The continuum seed-bank diffusion has a unique strong solution.

It is the scaling limit of allele frequency processes in discrete models.

A duality between the diffusion and a continuum seed-bank coalescent is established.

Abstract

This paper generalizes the strong seed-bank model introduced in arXiv:1411.4747 to allow for more general dormancy time distributions, such as a type of Pareto distribution. Inspired by the method of approximation using models with countably many seed-banks proposed by arXiv:2209.10086, we introduce the Wright-Fisher diffusion and coalescent with a continuum of seed-banks. To this end, we first formulate an infinite-dimensional stochastic differential equation, and prove that it has a unique strong solution, refereed to as the \textit{continuum seed-bank diffusion}, which is a kind of Markovian lift of a non-Markovian Volterra process. In order to circumvent the technical difficulty arising from the lack of local compactness, we replace the topology induced by the norm on the state space of the solution with the weak-$^{\star}$ topology, and show that the continuum seed-bank diffusion is also a strong Markov process in this weak-$^{\star}$ setting.
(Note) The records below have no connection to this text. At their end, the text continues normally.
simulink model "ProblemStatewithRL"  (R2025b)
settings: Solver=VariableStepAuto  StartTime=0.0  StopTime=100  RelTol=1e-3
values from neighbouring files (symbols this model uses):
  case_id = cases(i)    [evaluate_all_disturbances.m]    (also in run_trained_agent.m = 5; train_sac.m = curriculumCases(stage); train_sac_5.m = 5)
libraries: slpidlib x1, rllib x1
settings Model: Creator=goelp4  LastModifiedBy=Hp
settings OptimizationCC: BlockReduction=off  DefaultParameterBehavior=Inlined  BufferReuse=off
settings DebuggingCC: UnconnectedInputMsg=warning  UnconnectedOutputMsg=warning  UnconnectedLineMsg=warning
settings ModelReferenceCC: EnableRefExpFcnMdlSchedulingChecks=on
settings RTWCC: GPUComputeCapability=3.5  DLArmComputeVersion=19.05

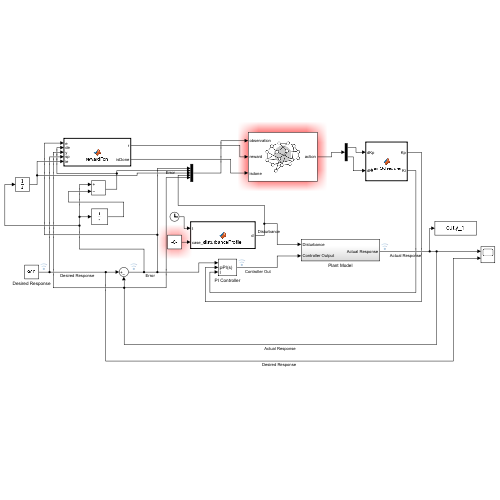
[thumbnail: Simulink's stored preview of the top-level diagram]
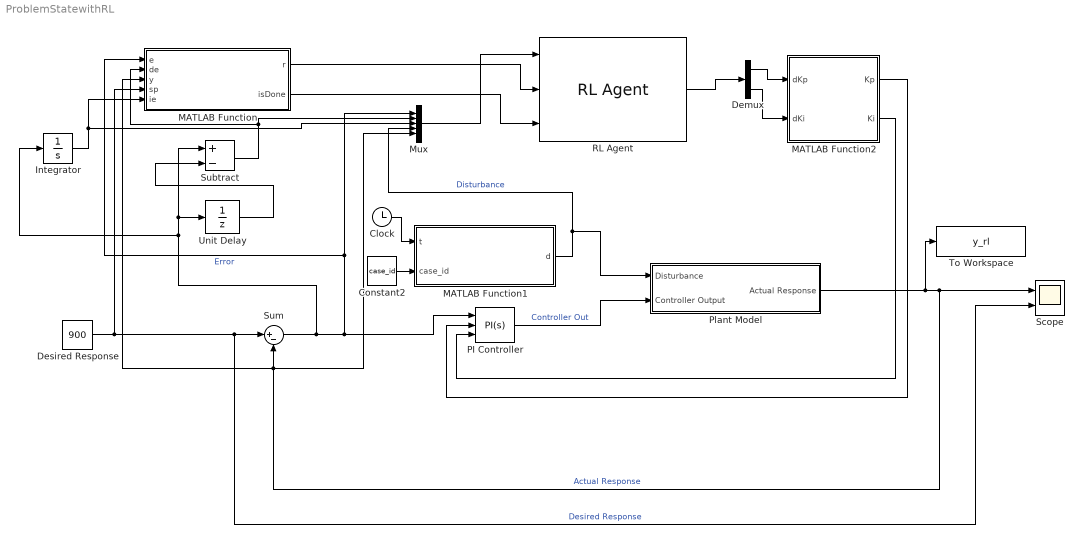
== system ProblemStatewithRL ==
  Clock : Clock
  Constant2 : Constant  Value=case_id
  Demux : Demux  Outputs=2
  Desired Response : Constant  Value=900
  Integrator : Integrator
  MATLAB Function : MATLAB Function  TreatAsAtomicUnit=on
  MATLAB Function1 : MATLAB Function  TreatAsAtomicUnit=on
  MATLAB Function2 : MATLAB Function  TreatAsAtomicUnit=on
  Mux : Mux  Inputs=5
  PI Controller : slpidlib/PID Controller  Controller=PI  Form=Parallel  TimeDomain=Continuous-time  UseExternalTs=off  SampleTime=-1  IntegratorMethod=Forward Euler  FilterMethod=Forward Euler  ControllerParametersSource=external  P=1  I=1  UseKiTs=off  D=0  UseExternalDerivativeSource=off  N=100  UseFilter=on  TunerSelectOption=Transfer Function Based (PID Tuner App)  InitialConditionSource=internal  InitialConditionForIntegrator=0  InitialConditionForFilter=0  DifferentiatorICPrevScaledInput=0  ExternalReset=none  TrackingMode=off  Kt=1  LimitOutput=off  SatLimitsSource=internal  UpperSaturationLimit=inf  LowerSaturationLimit=-inf  LinearizeAsGain=on  AntiWindupMode=none  Kb=1  LimitIntegrator=off  UpperIntegratorSaturationLimit=inf  LowerIntegratorSaturationLimit=-inf  POutMin=[]  POutMax=[]  IOutMin=[]  IOutMax=[]  DOutMin=[]  DOutMax=[]  NOutMin=[]  NOutMax=[]  SumOutMin=[]  SumOutMax=[]  SaturationOutMin=[]  SaturationOutMax=[]  PParamMin=[]  PParamMax=[]  IParamMin=[]  IParamMax=[]  DParamMin=[]  DParamMax=[]  NParamMin=[]  NParamMax=[]  KbParamMin=[]  KbParamMax=[]  KtParamMin=[]  KtParamMax=[]  KbOutMin=[]  KbOutMax=[]  KtOutMin=[]  KtOutMax=[]  IntegratorOutMin=[]  IntegratorOutMax=[]  FilterOutMin=[]  FilterOutMax=[]  SumI1OutMin=[]  SumI1OutMax=[]  SumI2OutMin=[]  SumI2OutMax=[]  SumI3OutMin=[]  SumI3OutMax=[]  SumI4OutMin=[]  SumI4OutMax=[]  SumDOutMin=[]  SumDOutMax=[]  DifferentiatorOutMin=[]  DifferentiatorOutMax=[]  FilterDiffOutCoefMin=[]  FilterDiffOutCoefMax=[]  ReciprocalOutMin=[]  ReciprocalOutMax=[]  SumDenOutMin=[]  SumDenOutMax=[]  SumNumOutMin=[]  SumNumOutMax=[]  DivideOutMin=[]  DivideOutMax=[]  UdiffTsProdOutMin=[]  UdiffTsProdOutMax=[]  NTsProdOutMin=[]  NTsProdOutMax=[]  UintegralTsProdOutMin=[]  UintegralTsProdOutMax=[]  UngainTsProdOutMin=[]  UngainTsProdOutMax=[]  ClampingZeroOutDataTypeStr=Inherit: Inherit via back propagation  ClampingZeroOutMin=[]  ClampingZeroOutMax=[]  FilterDenConstantOutDataTypeStr=Inherit: Inherit via back propagation  FilterDenConstantOutMin=[]  FilterDenConstantOutMax=[]  PCopyOutDataTypeStr=Inherit: Inherit via back propagation  PCopyOutMin=[]  PCopyOutMax=[]  NCopyOutDataTypeStr=Inherit: Inherit via back propagation  NCopyOutMin=[]  NCopyOutMax=[]  IntegratorContinuousStateAttributes=''  IntegratorStateMustResolveToSignalObject=off  IntegratorRTWStateStorageClass=Auto  FilterContinuousStateAttributes=''  FilterStateMustResolveToSignalObject=off  FilterRTWStateStorageClass=Auto  ParallelPVariant=ExternalParameters  IdealPVariant=Disabled  IVariant=ExternalParameters  DVariant=Disabled  IntegratorVariant=Continuous  SatVariant=Disabled  AWVariant=Passthrough  PCopyVariant=Disabled  TRVariant=Disabled  FdbkBlocksVariant=Forward  IdealPFdbkVariant=Disabled  SatFdbkVariant=Disabled  DerivativeFilterVariant=Disabled  NVariant=Disabled  NCopyVariant=Disabled_SignalSpec  FilterICVariant=Disabled  IntegratorICVariant=InternalICs  ExternalResetVariant=Disabled  TRSumVariant=Passthrough  SumFdbkVariant=Disabled  SumVariant=Sum_PI  TsampFilterVariant=InternalTs  TsampNgainVariant=Passthrough  TsampIntegralVariant=Disabled_SignalSpec  ExternalSaturationOutDataTypeStr=Inherit: Same as second input  DerivativeSourceVariant=Disabled  PreIntVariant=InternalPreInt
  Plant Model : Subsystem
  RL Agent : rllib/RL Agent  Agent=agentObj  ExternalActionAsInput=off  ProvideLastAction=off  ProvideCumRwd=off  TreatAsDirectFeedthrough=on  UseStrictObservationDataTypes=off
  Scope : Scope  NumInputPorts=2
      settings: ActiveDisplayYMinimum=-108.61281564041542  ActiveDisplayYMaximum=1322.9375622322832
  Subtract : Sum  Inputs=+-
  Sum : Sum  Inputs=|+-
  To Workspace : ToWorkspace  VariableName=y_rl  SampleTime=-1
  Unit Delay : UnitDelay  SampleTime=-1  HasFrameUpgradeWarning=on
  wires:
  Desired Response/1 -> MATLAB Function/4(sp), Sum/1, Scope/2  "Desired Response"
  Plant Model/1(Actual Response) -> To Workspace/1, Mux/5, MATLAB Function/3(y), Sum/2, Scope/1  "Actual Response"
  PI Controller/1 -> Plant Model/2(Controller Output)  "Controller Out"
  Sum/1 -> Integrator/1, Subtract/1, Unit Delay/1, Mux/1, MATLAB Function/1(e), PI Controller/1  "Error"
  MATLAB Function1/1(d) -> Mux/4, Plant Model/1(Disturbance)  "Disturbance"
  Mux/1 -> RL Agent/1
  RL Agent/1 -> Demux/1
  MATLAB Function2/2(Ki) -> PI Controller/3
  MATLAB Function2/1(Kp) -> PI Controller/2
  MATLAB Function/1(r) -> RL Agent/2
  Unit Delay/1 -> Subtract/2
  MATLAB Function/2(isDone) -> RL Agent/3
  Subtract/1 -> Mux/2, MATLAB Function/2(de)
  Integrator/1 -> Mux/3, MATLAB Function/5(ie)
  Constant2/1 -> MATLAB Function1/2(case_id)
  Clock/1 -> MATLAB Function1/1(t)
  Demux/1 -> MATLAB Function2/1(dKp)
  Demux/2 -> MATLAB Function2/2(dKi)

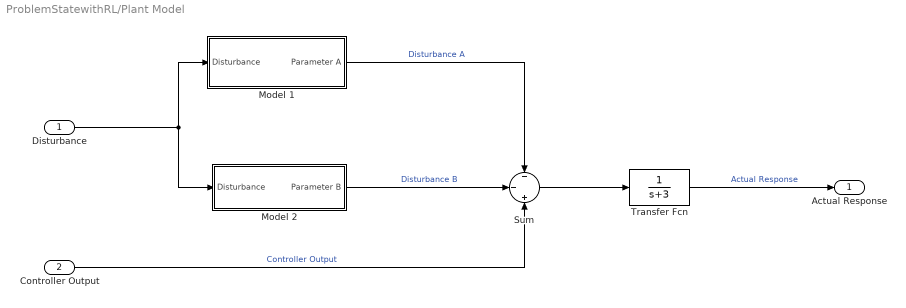
== system ProblemStatewithRL/Plant Model ==
  Disturbance : Inport
  Controller Output : Inport  Port=2
  Model 1 : Subsystem
  Model 2 : Subsystem
  Sum : Sum  Inputs=-|-|+
  Transfer Fcn : TransferFcn  Denominator=[1 3]
  Actual Response : Outport
  wires:
  Transfer Fcn/1 -> Actual Response/1  "Actual Response"
  Sum/1 -> Transfer Fcn/1
  Disturbance/1 -> Model 2/1(Disturbance), Model 1/1(Disturbance)
  Controller Output/1 -> Sum/3  "Controller Output"
  Model 2/1(Parameter B) -> Sum/2  "Disturbance B"
  Model 1/1(Parameter A) -> Sum/1  "Disturbance A"

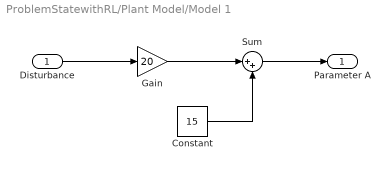
== system ProblemStatewithRL/Plant Model/Model 1 ==
  Disturbance : Inport
  Constant : Constant  Value=15
  Gain : Gain  Gain=20
  Sum : Sum  Inputs=|++
  Parameter A : Outport
  wires:
  Disturbance/1 -> Gain/1
  Gain/1 -> Sum/1
  Sum/1 -> Parameter A/1
  Constant/1 -> Sum/2

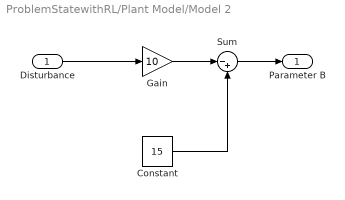
== system ProblemStatewithRL/Plant Model/Model 2 ==
  Disturbance : Inport
  Constant : Constant  Value=15
  Gain : Gain  Gain=10
  Sum : Sum  Inputs=|-+
  Parameter B : Outport
  wires:
  Disturbance/1 -> Gain/1
  Gain/1 -> Sum/1
  Sum/1 -> Parameter B/1
  Constant/1 -> Sum/2

== matlab function ProblemStatewithRL/MATLAB Function1 ==
  data: t input; d output; case_id input
function d = disturbanceProfile(t, case_id)

%% ==================================================
% PREALLOCATE
%% ==================================================
timeVec = zeros(1,21);
distVec = zeros(1,21);

%% ==================================================
% SELECT PROFILE
%% ==================================================
switch case_id

    %% ================= 5% =================
    case 5

        timeVec = 0:50:1000;

        distVec = [...
            0.00 0.05 0.10 0.15 0.20 ...
            0.25 0.30 0.35 0.40 0.45 ...
            0.50 0.45 0.40 0.35 0.30 ...
            0.25 0.20 0.15 0.10 0.05 0.00];

    %% ================= 10% =================
    case 10

        timeVec = 0:100:1000;

        distVec = [...
            0.0 0.1 0.2 0.3 0.4 ...
            0.5 0.4 0.3 0.2 0.1 0.0];

    %% ================= 15% =================
    case 15

        timeVec = 0:100:1000;

        distVec = [...
            0.0 0.15 0.30 0.45 0.60 ...
            0.75 0.60 0.45 0.30 0.15 0.0];

    %% ================= 20% =================
    case 20

        timeVec = 0:100:1000;

        distVec = [...
            0.0 0.2 0.4 0.6 0.8 ...
            1.0 0.8 0.6 0.4 0.2 0.0];

    %% ================= 30% =================
    case 30

        timeVec = [0 150 300 450 600 750 900 1000];

        distVec = [...
            0.0 0.3 0.6 0.9 ...
            0.6 0.3 0.0 0.0];

    %% ================= LARGE STEP =================
    case 99

        timeVec = [0 400 401 1000];

        distVec = [0.9 0.9 0.2 0.2];

end

%% ==================================================
% STEPWISE LOOKUP
%% ==================================================
d = distVec(1);

for k = 1:length(timeVec)-1

    if t >= timeVec(k) && t < timeVec(k+1)

        d = distVec(k);
        break;

    end

end

== matlab function ProblemStatewithRL/MATLAB Function ==
  data: e input; r output; de input; y input; sp input; ie input; isDone output
function [r, isDone] = rewardFcn(e, de, y, sp, ie)

%% NORMALIZATION
e_n = e/sp;

de_n = de/sp;

%% =====================================================
% 1. MAIN ERROR
%% =====================================================
R1 = -10*abs(e_n);

%% =====================================================
% 2. APPROACH VELOCITY
% MOST IMPORTANT TERM
%% =====================================================
R2 = -20*de_n*sign(e_n);

%% =====================================================
% 3. FAST CLOSE BONUS
%% =====================================================
if abs(e_n) < 0.05

    R3 = +80;

else

    R3 = 0;

end

%% =====================================================
% 4. OVERSHOOT ALLOWED
%% =====================================================
if y > 1.6*sp

    OS = (y-sp)/sp;

    R4 = -2*OS^2;

else

    R4 = 0;

end

%% =====================================================
% 5. UNDERSHOOT PENALTY
%% =====================================================
if y < 0.7*sp

    US = (sp-y)/sp;

    R5 = -20*US^2;

else

    R5 = 0;

end

%% =====================================================
% 6. FINAL PRECISION
%% =====================================================
if abs(e_n) < 0.01

    R6 = +150;

else

    R6 = 0;

end

%% =====================================================
% 7. INSTABILITY
%% =====================================================
if abs(y) > 2.5*sp

    R7 = -5000;

    isDone = 1;

else

    R7 = 0;

    isDone = 0;

end

%% FINAL
r = R1 + R2 + R3 + ...
    R4 + R5 + R6 + R7;

end

== matlab function ProblemStatewithRL/MATLAB Function2 ==
  data: dKp input; Kp output; Ki output; dKi input
function [Kp, Ki] = gainScheduler(dKp, dKi)

%% =====================================================
% BASE PI

Kp_base = 90;
Ki_base = 40;

Kp = Kp_base + 40*dKp;

Ki = Ki_base + 20*dKi;

%% =====================================================
% LIMITS
%% =====================================================


end

Then, we construct a discrete-time Wright-Fisher type model with finitely many seed-banks, and demonstrate that the continuum seed-bank diffusion under the weak-$^{\star}$ topology is the scaling limit of the allele frequency processes in a suitable sequence of such models. Finally, we establish the duality relation between the continuum seed-bank diffusion and a continuous-time continuous-state Markov jump process. The latter is the block counting process of a partition-valued Markov jump process which is referred to as the \textit{continuum seed-bank coalescent}. We prove that this new coalescent process is exactly the scaling limit of the ancestral processes in the sequence of discrete-time Wright-Fisher type models we constructed before.